> _Exercise instructions_
Quote word for word the lines below, beginning with the first and ending with the one that has "import ezdxf". Drop the pictures.

[Stored dataset items]
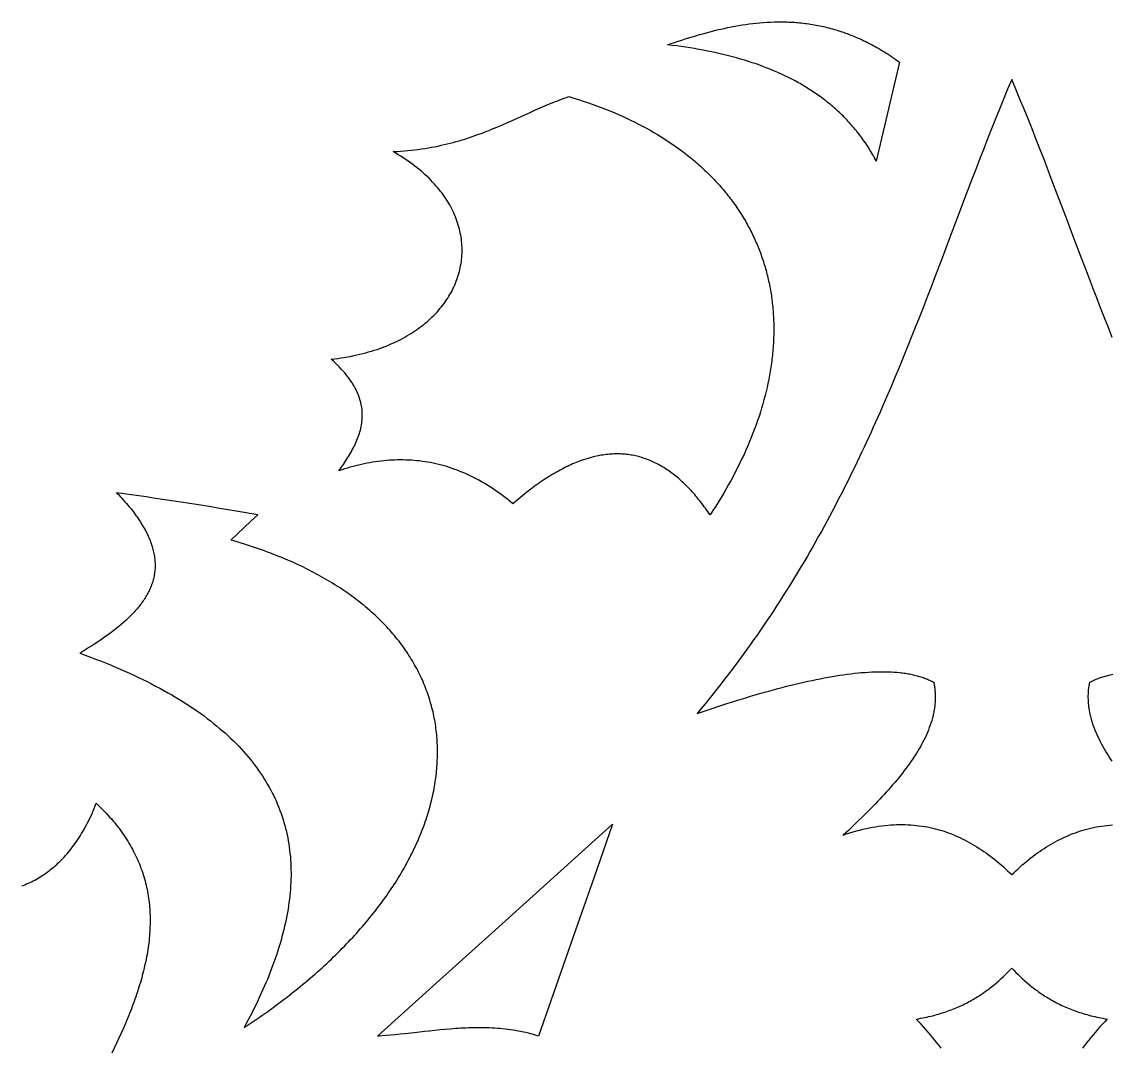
# Model space of a CAD drawing. Extents: x -4113 to -3113, y 1469 to 2469.
# Drawn here: x -3597.8 to -3453, y 2098.2 to 2234.5 of the extents above; entities that cross this region are included whole.
import ezdxf

# ---------------------------------------------------------------- set-up
doc = ezdxf.new("R2010")
doc.units = 0
doc.layers.add('PLAN_1', color=18, linetype='CONTINUOUS')

msp = doc.modelspace()

# ---------------------------------------------------------------- linework, layer by layer
at = {"layer": 'PLAN_1'}
for points in [[(-3512.09, 2231.44), (-3511.62, 2231.6), (-3511.15, 2231.75), (-3510.68, 2231.91), (-3510.21, 2232.06), (-3509.74, 2232.21), (-3509.27, 2232.36), (-3508.8, 2232.5), (-3508.33, 2232.64), (-3507.86, 2232.78), (-3507.39, 2232.91), (-3506.92, 2233.04), (-3506.44, 2233.16), (-3505.97, 2233.28), (-3505.5, 2233.4), (-3505.03, 2233.51), (-3504.56, 2233.62), (-3504.08, 2233.72), (-3503.61, 2233.81), (-3503.14, 2233.9), (-3502.66, 2233.99), (-3502.19, 2234.07), (-3501.71, 2234.14), (-3501.24, 2234.2), (-3500.76, 2234.26), (-3500.29, 2234.32), (-3499.81, 2234.36), (-3499.33, 2234.4), (-3498.86, 2234.43), (-3498.38, 2234.46), (-3497.9, 2234.47), (-3497.42, 2234.48), (-3497.18, 2234.49), (-3496.94, 2234.48), (-3496.7, 2234.48), (-3496.46, 2234.48), (-3496.22, 2234.47), (-3495.98, 2234.46), (-3495.74, 2234.45), (-3495.5, 2234.44), (-3495.26, 2234.42), (-3495.02, 2234.4), (-3494.78, 2234.38), (-3494.54, 2234.36), (-3494.3, 2234.34), (-3494.06, 2234.31), (-3493.82, 2234.28), (-3493.57, 2234.25), (-3493.33, 2234.22), (-3493.09, 2234.18), (-3492.85, 2234.14), (-3492.61, 2234.1), (-3492.37, 2234.06), (-3492.12, 2234.01), (-3491.88, 2233.96), (-3491.64, 2233.91), (-3491.39, 2233.86), (-3491.15, 2233.8), (-3490.91, 2233.74), (-3490.67, 2233.68), (-3490.42, 2233.62), (-3490.18, 2233.55), (-3489.93, 2233.48), (-3489.69, 2233.41), (-3489.45, 2233.33), (-3489.2, 2233.26), (-3488.96, 2233.17), (-3488.71, 2233.09), (-3488.47, 2233), (-3488.22, 2232.92), (-3487.98, 2232.82), (-3487.73, 2232.73), (-3487.49, 2232.63), (-3487.24, 2232.53), (-3486.99, 2232.42), (-3486.75, 2232.32), (-3486.5, 2232.21), (-3486.26, 2232.09), (-3486.01, 2231.98), (-3485.76, 2231.86), (-3485.51, 2231.73), (-3485.27, 2231.61), (-3485.02, 2231.48), (-3484.77, 2231.35), (-3484.52, 2231.21), (-3484.28, 2231.07), (-3484.03, 2230.93), (-3483.78, 2230.78), (-3483.53, 2230.64), (-3483.28, 2230.48), (-3483.03, 2230.33), (-3482.78, 2230.17), (-3482.53, 2230.01), (-3482.28, 2229.84), (-3482.03, 2229.67), (-3481.78, 2229.5), (-3481.53, 2229.32), (-3481.28, 2229.14), (-3484.36, 2215.99), (-3484.48, 2216.21), (-3484.6, 2216.42), (-3484.71, 2216.63), (-3484.83, 2216.85), (-3484.96, 2217.06), (-3485.08, 2217.27), (-3485.21, 2217.47), (-3485.33, 2217.68), (-3485.46, 2217.88), (-3485.59, 2218.08), (-3485.73, 2218.28), (-3485.86, 2218.48), (-3486, 2218.68), (-3486.14, 2218.87), (-3486.28, 2219.07), (-3486.42, 2219.26), (-3486.56, 2219.45), (-3486.71, 2219.64), (-3486.85, 2219.83), (-3487, 2220.01), (-3487.15, 2220.2), (-3487.3, 2220.38), (-3487.46, 2220.56), (-3487.61, 2220.74), (-3487.77, 2220.91), (-3487.93, 2221.09), (-3488.09, 2221.27), (-3488.25, 2221.44), (-3488.41, 2221.61), (-3488.58, 2221.78), (-3488.74, 2221.95), (-3488.91, 2222.11), (-3489.08, 2222.28), (-3489.25, 2222.44), (-3489.43, 2222.6), (-3489.6, 2222.76), (-3489.78, 2222.92), (-3489.96, 2223.08), (-3490.14, 2223.23), (-3490.32, 2223.39), (-3490.5, 2223.54), (-3490.69, 2223.69), (-3490.87, 2223.84), (-3491.06, 2223.99), (-3491.25, 2224.14), (-3491.44, 2224.28), (-3491.63, 2224.42), (-3491.83, 2224.57), (-3492.02, 2224.71), (-3492.22, 2224.84), (-3492.42, 2224.98), (-3492.62, 2225.12), (-3492.82, 2225.25), (-3493.02, 2225.39), (-3493.23, 2225.52), (-3493.44, 2225.65), (-3493.64, 2225.78), (-3493.85, 2225.9), (-3494.07, 2226.03), (-3494.28, 2226.15), (-3494.49, 2226.28), (-3494.71, 2226.4), (-3495.15, 2226.63), (-3495.59, 2226.87), (-3496.04, 2227.09), (-3496.49, 2227.32), (-3496.95, 2227.53), (-3497.42, 2227.74), (-3497.89, 2227.95), (-3498.36, 2228.15), (-3498.85, 2228.34), (-3499.34, 2228.53), (-3499.83, 2228.71), (-3500.33, 2228.89), (-3500.84, 2229.06), (-3501.35, 2229.23), (-3501.87, 2229.39), (-3502.39, 2229.54), (-3502.92, 2229.7), (-3503.45, 2229.84), (-3503.99, 2229.98), (-3504.54, 2230.12), (-3505.09, 2230.25), (-3505.64, 2230.37), (-3506.2, 2230.5), (-3506.77, 2230.61), (-3507.34, 2230.72), (-3507.91, 2230.83), (-3508.49, 2230.93), (-3509.08, 2231.03), (-3509.67, 2231.12), (-3510.27, 2231.2), (-3510.87, 2231.29), (-3511.48, 2231.36)], [(-3548.54, 2217.25), (-3548.04, 2217.28), (-3547.55, 2217.31), (-3547.06, 2217.35), (-3546.58, 2217.39), (-3546.11, 2217.44), (-3545.65, 2217.49), (-3545.19, 2217.55), (-3544.74, 2217.61), (-3544.29, 2217.68), (-3543.85, 2217.75), (-3543.42, 2217.83), (-3542.99, 2217.91), (-3542.57, 2218), (-3542.15, 2218.09), (-3541.74, 2218.18), (-3541.34, 2218.28), (-3540.94, 2218.38), (-3540.54, 2218.48), (-3540.15, 2218.59), (-3539.77, 2218.7), (-3539.38, 2218.81), (-3539.01, 2218.93), (-3538.64, 2219.05), (-3538.27, 2219.17), (-3537.9, 2219.29), (-3537.54, 2219.42), (-3537.18, 2219.55), (-3536.83, 2219.68), (-3536.48, 2219.81), (-3536.13, 2219.95), (-3535.79, 2220.08), (-3535.45, 2220.22), (-3535.11, 2220.36), (-3534.77, 2220.5), (-3534.11, 2220.78), (-3533.45, 2221.07), (-3532.81, 2221.35), (-3531.53, 2221.93), (-3530.26, 2222.5), (-3529.64, 2222.78), (-3529.01, 2223.06), (-3528.38, 2223.33), (-3528.06, 2223.46), (-3527.75, 2223.59), (-3527.43, 2223.72), (-3527.11, 2223.85), (-3526.8, 2223.97), (-3526.48, 2224.09), (-3526.15, 2224.21), (-3525.83, 2224.33), (-3525.51, 2224.44), (-3525.18, 2224.55), (-3524.55, 2224.36), (-3523.92, 2224.17), (-3523.31, 2223.97), (-3522.7, 2223.77), (-3522.09, 2223.56), (-3521.5, 2223.35), (-3520.91, 2223.13), (-3520.33, 2222.9), (-3519.75, 2222.67), (-3519.19, 2222.44), (-3518.62, 2222.2), (-3518.07, 2221.95), (-3517.53, 2221.7), (-3516.99, 2221.44), (-3516.45, 2221.18), (-3515.93, 2220.92), (-3515.41, 2220.65), (-3514.9, 2220.37), (-3514.4, 2220.09), (-3513.9, 2219.81), (-3513.41, 2219.52), (-3512.93, 2219.22), (-3512.46, 2218.92), (-3511.99, 2218.62), (-3511.53, 2218.31), (-3511.08, 2218), (-3510.64, 2217.68), (-3510.2, 2217.36), (-3509.98, 2217.2), (-3509.77, 2217.03), (-3509.56, 2216.87), (-3509.35, 2216.7), (-3509.14, 2216.54), (-3508.93, 2216.37), (-3508.73, 2216.2), (-3508.52, 2216.03), (-3508.32, 2215.86), (-3508.12, 2215.69), (-3507.93, 2215.51), (-3507.73, 2215.34), (-3507.54, 2215.16), (-3507.35, 2214.99), (-3507.16, 2214.81), (-3506.97, 2214.63), (-3506.78, 2214.45), (-3506.6, 2214.27), (-3506.42, 2214.09), (-3506.24, 2213.91), (-3506.06, 2213.72), (-3505.88, 2213.54), (-3505.71, 2213.35), (-3505.53, 2213.16), (-3505.36, 2212.98), (-3505.19, 2212.79), (-3505.03, 2212.6), (-3504.86, 2212.41), (-3504.7, 2212.21), (-3504.54, 2212.02), (-3504.38, 2211.83), (-3504.22, 2211.63), (-3504.07, 2211.44), (-3503.91, 2211.24), (-3503.76, 2211.04), (-3503.61, 2210.85), (-3503.46, 2210.65), (-3503.32, 2210.45), (-3503.17, 2210.24), (-3503.03, 2210.04), (-3502.89, 2209.84), (-3502.75, 2209.63), (-3502.62, 2209.43), (-3502.48, 2209.22), (-3502.35, 2209.02), (-3502.22, 2208.81), (-3502.09, 2208.6), (-3501.96, 2208.39), (-3501.84, 2208.18), (-3501.71, 2207.97), (-3501.59, 2207.76), (-3501.47, 2207.54), (-3501.36, 2207.33), (-3501.24, 2207.12), (-3501.13, 2206.9), (-3501.02, 2206.68), (-3500.91, 2206.47), (-3500.8, 2206.25), (-3500.7, 2206.03), (-3500.59, 2205.81), (-3500.49, 2205.59), (-3500.39, 2205.37), (-3500.3, 2205.15), (-3500.2, 2204.92), (-3500.11, 2204.7), (-3500.02, 2204.47), (-3499.93, 2204.25), (-3499.84, 2204.02), (-3499.75, 2203.8), (-3499.67, 2203.57), (-3499.59, 2203.34), (-3499.51, 2203.11), (-3499.43, 2202.88), (-3499.36, 2202.65), (-3499.28, 2202.42), (-3499.21, 2202.18), (-3499.14, 2201.95), (-3499.07, 2201.72), (-3499.01, 2201.48), (-3498.94, 2201.25), (-3498.88, 2201.01), (-3498.82, 2200.77), (-3498.77, 2200.54), (-3498.71, 2200.3), (-3498.66, 2200.06), (-3498.61, 2199.82), (-3498.56, 2199.58), (-3498.51, 2199.34), (-3498.46, 2199.1), (-3498.42, 2198.85), (-3498.38, 2198.61), (-3498.34, 2198.37), (-3498.3, 2198.12), (-3498.27, 2197.88), (-3498.23, 2197.63), (-3498.2, 2197.38), (-3498.17, 2197.14), (-3498.15, 2196.89), (-3498.12, 2196.64), (-3498.1, 2196.39), (-3498.08, 2196.14), (-3498.06, 2195.89), (-3498.04, 2195.64), (-3498.03, 2195.39), (-3498.01, 2195.14), (-3498, 2194.88), (-3497.99, 2194.63), (-3497.99, 2194.37), (-3497.98, 2194.12), (-3497.98, 2193.86), (-3497.98, 2193.61), (-3497.98, 2193.35), (-3497.98, 2193.09), (-3497.99, 2192.84), (-3498, 2192.58), (-3498.01, 2192.32), (-3498.02, 2192.06), (-3498.03, 2191.8), (-3498.05, 2191.54), (-3498.07, 2191.28), (-3498.09, 2191.02), (-3498.11, 2190.75), (-3498.13, 2190.49), (-3498.16, 2190.23), (-3498.19, 2189.97), (-3498.22, 2189.7), (-3498.25, 2189.44), (-3498.29, 2189.17), (-3498.33, 2188.9), (-3498.36, 2188.64), (-3498.41, 2188.37), (-3498.45, 2188.1), (-3498.54, 2187.57), (-3498.64, 2187.03), (-3498.75, 2186.49), (-3498.87, 2185.95), (-3499, 2185.41), (-3499.13, 2184.86), (-3499.28, 2184.31), (-3499.43, 2183.76), (-3499.59, 2183.21), (-3499.76, 2182.66), (-3499.94, 2182.11), (-3500.13, 2181.55), (-3500.32, 2181), (-3500.52, 2180.44), (-3500.74, 2179.88), (-3500.96, 2179.32), (-3501.19, 2178.76), (-3501.43, 2178.19), (-3501.67, 2177.63), (-3501.93, 2177.06), (-3502.2, 2176.5), (-3502.47, 2175.93), (-3502.75, 2175.36), (-3503.04, 2174.79), (-3503.34, 2174.22), (-3503.65, 2173.64), (-3503.97, 2173.07), (-3504.29, 2172.5), (-3504.63, 2171.92), (-3504.97, 2171.34), (-3505.33, 2170.77), (-3505.69, 2170.19), (-3506.06, 2169.61), (-3506.44, 2169.03), (-3506.59, 2169.26), (-3506.75, 2169.48), (-3506.9, 2169.7), (-3507.05, 2169.91), (-3507.21, 2170.12), (-3507.36, 2170.33), (-3507.52, 2170.54), (-3507.68, 2170.74), (-3507.84, 2170.94), (-3508, 2171.14), (-3508.15, 2171.34), (-3508.32, 2171.53), (-3508.48, 2171.72), (-3508.64, 2171.9), (-3508.8, 2172.09), (-3508.96, 2172.27), (-3509.13, 2172.44), (-3509.29, 2172.62), (-3509.46, 2172.79), (-3509.62, 2172.95), (-3509.79, 2173.12), (-3509.96, 2173.28), (-3510.13, 2173.44), (-3510.3, 2173.59), (-3510.47, 2173.74), (-3510.64, 2173.89), (-3510.81, 2174.03), (-3510.98, 2174.18), (-3511.16, 2174.32), (-3511.33, 2174.45), (-3511.5, 2174.58), (-3511.68, 2174.71), (-3511.86, 2174.84), (-3512.03, 2174.96), (-3512.21, 2175.08), (-3512.39, 2175.2), (-3512.57, 2175.31), (-3512.75, 2175.42), (-3512.93, 2175.52), (-3513.11, 2175.63), (-3513.3, 2175.73), (-3513.48, 2175.82), (-3513.67, 2175.92), (-3513.85, 2176.01), (-3514.04, 2176.09), (-3514.22, 2176.18), (-3514.41, 2176.25), (-3514.6, 2176.33), (-3514.79, 2176.4), (-3514.98, 2176.47), (-3515.17, 2176.54), (-3515.36, 2176.6), (-3515.56, 2176.66), (-3515.75, 2176.72), (-3515.95, 2176.77), (-3516.14, 2176.82), (-3516.34, 2176.86), (-3516.53, 2176.9), (-3516.73, 2176.94), (-3516.93, 2176.98), (-3517.13, 2177.01), (-3517.33, 2177.03), (-3517.53, 2177.06), (-3517.74, 2177.08), (-3517.94, 2177.09), (-3518.14, 2177.11), (-3518.35, 2177.12), (-3518.55, 2177.12), (-3518.76, 2177.13), (-3518.97, 2177.13), (-3519.18, 2177.12), (-3519.39, 2177.11), (-3519.6, 2177.1), (-3519.81, 2177.08), (-3520.02, 2177.06), (-3520.23, 2177.04), (-3520.45, 2177.01), (-3520.66, 2176.98), (-3520.88, 2176.95), (-3521.09, 2176.91), (-3521.31, 2176.87), (-3521.53, 2176.82), (-3521.75, 2176.78), (-3521.97, 2176.72), (-3522.19, 2176.67), (-3522.41, 2176.61), (-3522.64, 2176.54), (-3522.86, 2176.47), (-3523.09, 2176.4), (-3523.31, 2176.33), (-3523.54, 2176.25), (-3523.77, 2176.16), (-3524, 2176.08), (-3524.23, 2175.98), (-3524.46, 2175.89), (-3524.69, 2175.79), (-3524.92, 2175.69), (-3525.15, 2175.58), (-3525.39, 2175.47), (-3525.63, 2175.36), (-3525.86, 2175.24), (-3526.1, 2175.11), (-3526.34, 2174.99), (-3526.58, 2174.86), (-3526.82, 2174.72), (-3527.06, 2174.58), (-3527.3, 2174.44), (-3527.54, 2174.3), (-3527.79, 2174.15), (-3528.03, 2173.99), (-3528.28, 2173.83), (-3528.53, 2173.67), (-3528.78, 2173.5), (-3529.03, 2173.33), (-3529.28, 2173.16), (-3529.53, 2172.98), (-3529.78, 2172.8), (-3530.03, 2172.61), (-3530.29, 2172.42), (-3530.54, 2172.22), (-3530.8, 2172.02), (-3531.06, 2171.82), (-3531.32, 2171.61), (-3531.58, 2171.4), (-3531.84, 2171.18), (-3532.1, 2170.96), (-3532.36, 2170.74), (-3532.62, 2170.51), (-3532.97, 2170.8), (-3533.31, 2171.07), (-3533.66, 2171.35), (-3534, 2171.61), (-3534.35, 2171.86), (-3534.7, 2172.11), (-3535.05, 2172.35), (-3535.39, 2172.59), (-3535.74, 2172.81), (-3536.09, 2173.03), (-3536.44, 2173.24), (-3536.79, 2173.44), (-3537.14, 2173.64), (-3537.5, 2173.83), (-3537.85, 2174.01), (-3538.2, 2174.18), (-3538.56, 2174.35), (-3538.91, 2174.51), (-3539.26, 2174.66), (-3539.62, 2174.81), (-3539.97, 2174.95), (-3540.33, 2175.08), (-3540.69, 2175.21), (-3541.04, 2175.33), (-3541.4, 2175.44), (-3541.76, 2175.54), (-3542.12, 2175.64), (-3542.48, 2175.73), (-3542.84, 2175.82), (-3543.2, 2175.9), (-3543.56, 2175.97), (-3543.92, 2176.03), (-3544.28, 2176.09), (-3544.64, 2176.14), (-3545.01, 2176.19), (-3545.37, 2176.23), (-3545.73, 2176.26), (-3546.1, 2176.29), (-3546.46, 2176.31), (-3546.83, 2176.32), (-3547.19, 2176.33), (-3547.56, 2176.33), (-3547.93, 2176.33), (-3548.29, 2176.32), (-3548.66, 2176.3), (-3549.03, 2176.28), (-3549.4, 2176.25), (-3549.77, 2176.22), (-3550.14, 2176.17), (-3550.5, 2176.13), (-3550.88, 2176.08), (-3551.25, 2176.02), (-3551.62, 2175.96), (-3551.99, 2175.89), (-3552.36, 2175.81), (-3552.73, 2175.73), (-3553.11, 2175.64), (-3553.48, 2175.55), (-3553.85, 2175.46), (-3554.23, 2175.35), (-3554.6, 2175.25), (-3554.98, 2175.13), (-3555.35, 2175.01), (-3555.73, 2174.89), (-3555.43, 2175.31), (-3555.28, 2175.52), (-3555.13, 2175.74), (-3554.99, 2175.95), (-3554.85, 2176.16), (-3554.71, 2176.38), (-3554.57, 2176.59), (-3554.44, 2176.8), (-3554.31, 2177.02), (-3554.19, 2177.23), (-3554.07, 2177.45), (-3553.95, 2177.66), (-3553.83, 2177.88), (-3553.72, 2178.1), (-3553.62, 2178.31), (-3553.52, 2178.53), (-3553.42, 2178.75), (-3553.33, 2178.97), (-3553.24, 2179.19), (-3553.16, 2179.41), (-3553.08, 2179.63), (-3553.01, 2179.85), (-3552.94, 2180.07), (-3552.88, 2180.29), (-3552.83, 2180.52), (-3552.78, 2180.74), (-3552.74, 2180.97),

> _Exercise result_
# Model space of a CAD drawing. Extents: x -4113 to -3113, y 1469 to 2469.
# Drawn here: x -3597.8 to -3453, y 2098.2 to 2234.5 of the extents above; entities that cross this region are included whole.
import ezdxf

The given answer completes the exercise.